Accessing column slices of 2D valarrays

Consider the following code snippet,

#include <iostream>
#include <valarray>

using namespace std;

std::ostream & operator<<(std::ostream & out, const std::valarray<int> inputVector);
typedef std::valarray<std::valarray<int> > val2d;

int main()
{
    val2d g(std::valarray<int>(10),4);

    for (uint32_t n=0; n<4; ++n){
        for (uint32_t m=0; m<10; ++m){
            g[n][m] = n*10 + m;
        }
    }  
   std::valarray<int> g_slice_rs = g[1][std::slice(0,10,1)];  // row slice
   //std::valarray<int> g_slice_cs = g[std::slice(0,1,3)][0];   // column slice (comment out)

   cout<<"row slice :: "<<g_slice_rs<<endl; 
   //cout<<"column slice :: "<<g_slice_cs<<endl; // (comment out)
   return 0;
}

std::ostream & operator<<(std::ostream & out, const std::valarray<int> inputVector)
{
  uint32_t vecLength = inputVector.size();
  out<<"[";
  for (uint32_t i=0; i<vecLength; ++i)
  {
    out <<inputVector[i]<<", ";
  }
  out<<"]"<<endl;
  return out;
}

Here I'm able to access the row slices, but not the column slices(as indicated in comments). Is there any workaround to access column slices? This thread does not provide the answer.

Solution

First off, you don't have a 2D valarray. You have a valarray of valarrays, a difference you should not ignore.

x = g[m][n];

only looks like an array-style access. It's really closer to

temp = g[m];
x = temp[n];

A valarray's datastore is a nice contiguous block of memory, but if you have an M by N structure, you have M+1 valarrays potentially scattered throughout memory. This can turn into a nightmare of performance-killing cache misses.

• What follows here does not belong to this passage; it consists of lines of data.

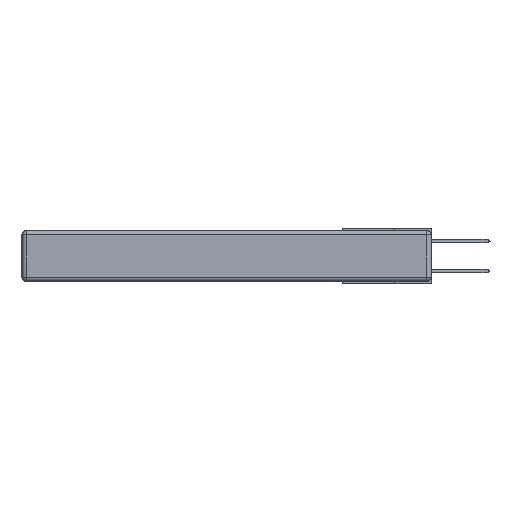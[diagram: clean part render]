
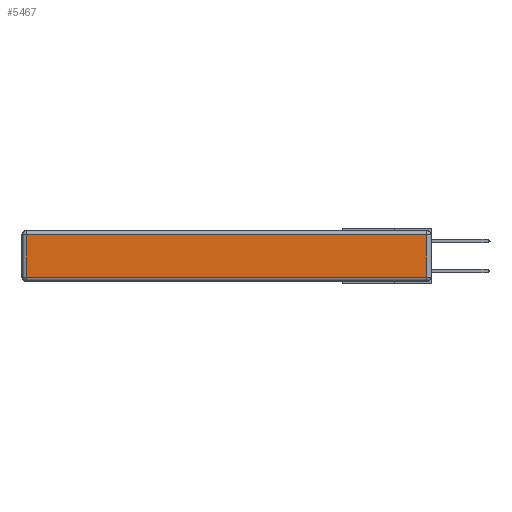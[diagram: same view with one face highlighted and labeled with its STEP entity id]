
A CAD part, left-side view. The second image highlights one B-rep face of the part: STEP entity #5467.
In plain terms, the highlighted planar face has unit normal (-1, 0, 0).
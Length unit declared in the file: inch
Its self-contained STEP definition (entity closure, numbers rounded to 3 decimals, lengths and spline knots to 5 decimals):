
#169 = ORIENTED_EDGE ( 'NONE', *, *, #16698, .T. ) ;
#472 = DIRECTION ( 'NONE',  ( 0., 1., 0. ) ) ;
#639 = PLANE ( 'NONE',  #18276 ) ;
#1341 = EDGE_CURVE ( 'NONE', #7842, #5863, #11163, .T. ) ;
#2185 = CARTESIAN_POINT ( 'NONE',  ( 0., 0.03, -0.313 ) ) ;
#3335 = EDGE_CURVE ( 'NONE', #11681, #8819, #10392, .T. ) ;
#3556 = EDGE_CURVE ( 'NONE', #8819, #7842, #10855, .T. ) ;
#3782 = CARTESIAN_POINT ( 'NONE',  ( 0., 0.03, -0.343 ) ) ;
#5467 = ADVANCED_FACE ( 'NONE', ( #10872 ), #639, .T. ) ;
#5863 = VERTEX_POINT ( 'NONE', #11854 ) ;
#6425 = VECTOR ( 'NONE', #9813, 39.37008 ) ;
#7842 = VERTEX_POINT ( 'NONE', #14080 ) ;
#7872 = DIRECTION ( 'NONE',  ( 0., 0., 1. ) ) ;
#8267 = CARTESIAN_POINT ( 'NONE',  ( 0., 0.03, -0.03 ) ) ;
#8819 = VERTEX_POINT ( 'NONE', #8267 ) ;
#9202 = LINE ( 'NONE', #17352, #6425 ) ;
#9521 = ORIENTED_EDGE ( 'NONE', *, *, #1341, .T. ) ;
#9813 = DIRECTION ( 'NONE',  ( 0., -1., 0. ) ) ;
#10392 = LINE ( 'NONE', #3782, #13879 ) ;
#10855 = LINE ( 'NONE', #12364, #14601 ) ;
#10872 = FACE_OUTER_BOUND ( 'NONE', #12662, .T. ) ;
#11163 = LINE ( 'NONE', #12551, #18638 ) ;
#11681 = VERTEX_POINT ( 'NONE', #2185 ) ;
#11771 = ORIENTED_EDGE ( 'NONE', *, *, #3556, .T. ) ;
#11854 = CARTESIAN_POINT ( 'NONE',  ( 0., 2.72, -0.313 ) ) ;
#11969 = ORIENTED_EDGE ( 'NONE', *, *, #3335, .T. ) ;
#12364 = CARTESIAN_POINT ( 'NONE',  ( 0., 2.75, -0.03 ) ) ;
#12551 = CARTESIAN_POINT ( 'NONE',  ( 0., 2.72, -0.343 ) ) ;
#12662 = EDGE_LOOP ( 'NONE', ( #169, #11969, #11771, #9521 ) ) ;
#13879 = VECTOR ( 'NONE', #16031, 39.37008 ) ;
#14056 = DIRECTION ( 'NONE',  ( 0., 0., -1. ) ) ;
#14080 = CARTESIAN_POINT ( 'NONE',  ( 0., 2.72, -0.03 ) ) ;
#14601 = VECTOR ( 'NONE', #472, 39.37008 ) ;
#15216 = CARTESIAN_POINT ( 'NONE',  ( 0., 0., -0.343 ) ) ;
#16031 = DIRECTION ( 'NONE',  ( 0., 0., 1. ) ) ;
#16698 = EDGE_CURVE ( 'NONE', #5863, #11681, #9202, .T. ) ;
#16781 = DIRECTION ( 'NONE',  ( -1., 0., 0. ) ) ;
#17352 = CARTESIAN_POINT ( 'NONE',  ( 0., 0., -0.313 ) ) ;
#18276 = AXIS2_PLACEMENT_3D ( 'NONE', #15216, #16781, #7872 ) ;
#18638 = VECTOR ( 'NONE', #14056, 39.37008 ) ;

You are going to have to decide which is more important to be fast, row slicing or column slicing, because only one will be going with the flow of memory and the other require a cache-thrashing copy against the grain.

Currently

g[1][std::slice(0,10,1)];

works because it is slicing a contiguous block of memory, and

g[std::slice(0,1,3)][0]

fails because it must reach across M distinct valarrays to gather the slice and std::slice can't do that. You will have to manually copy the elements you want from each of the valarrays that make up the column. Sucks, huh?

So what do you do?

You fake it! Muhuhahahahahahahaha!

Don't make a valarray of valarrays. Make one big valarray of size MxN. So say goodbye to

std::valarray<std::valarray<int> > g(std::valarray<int>(10),4);

and hello to

std::valarray<int>(10*4);

Now you can take advantage of std::slice's stride parameter to grab every tenth element

std::slice(column_to_slice,4,10);

And as an added bonus you now have one contiguous block of memory so at least some of that cache-grinding abuse should be mitigated. You're still smurfed if the stride is too large.

I whole-heartedly recommend wrapping this in an object to make access and management easier. Something like this, except you use the valarray instead of the raw pointer.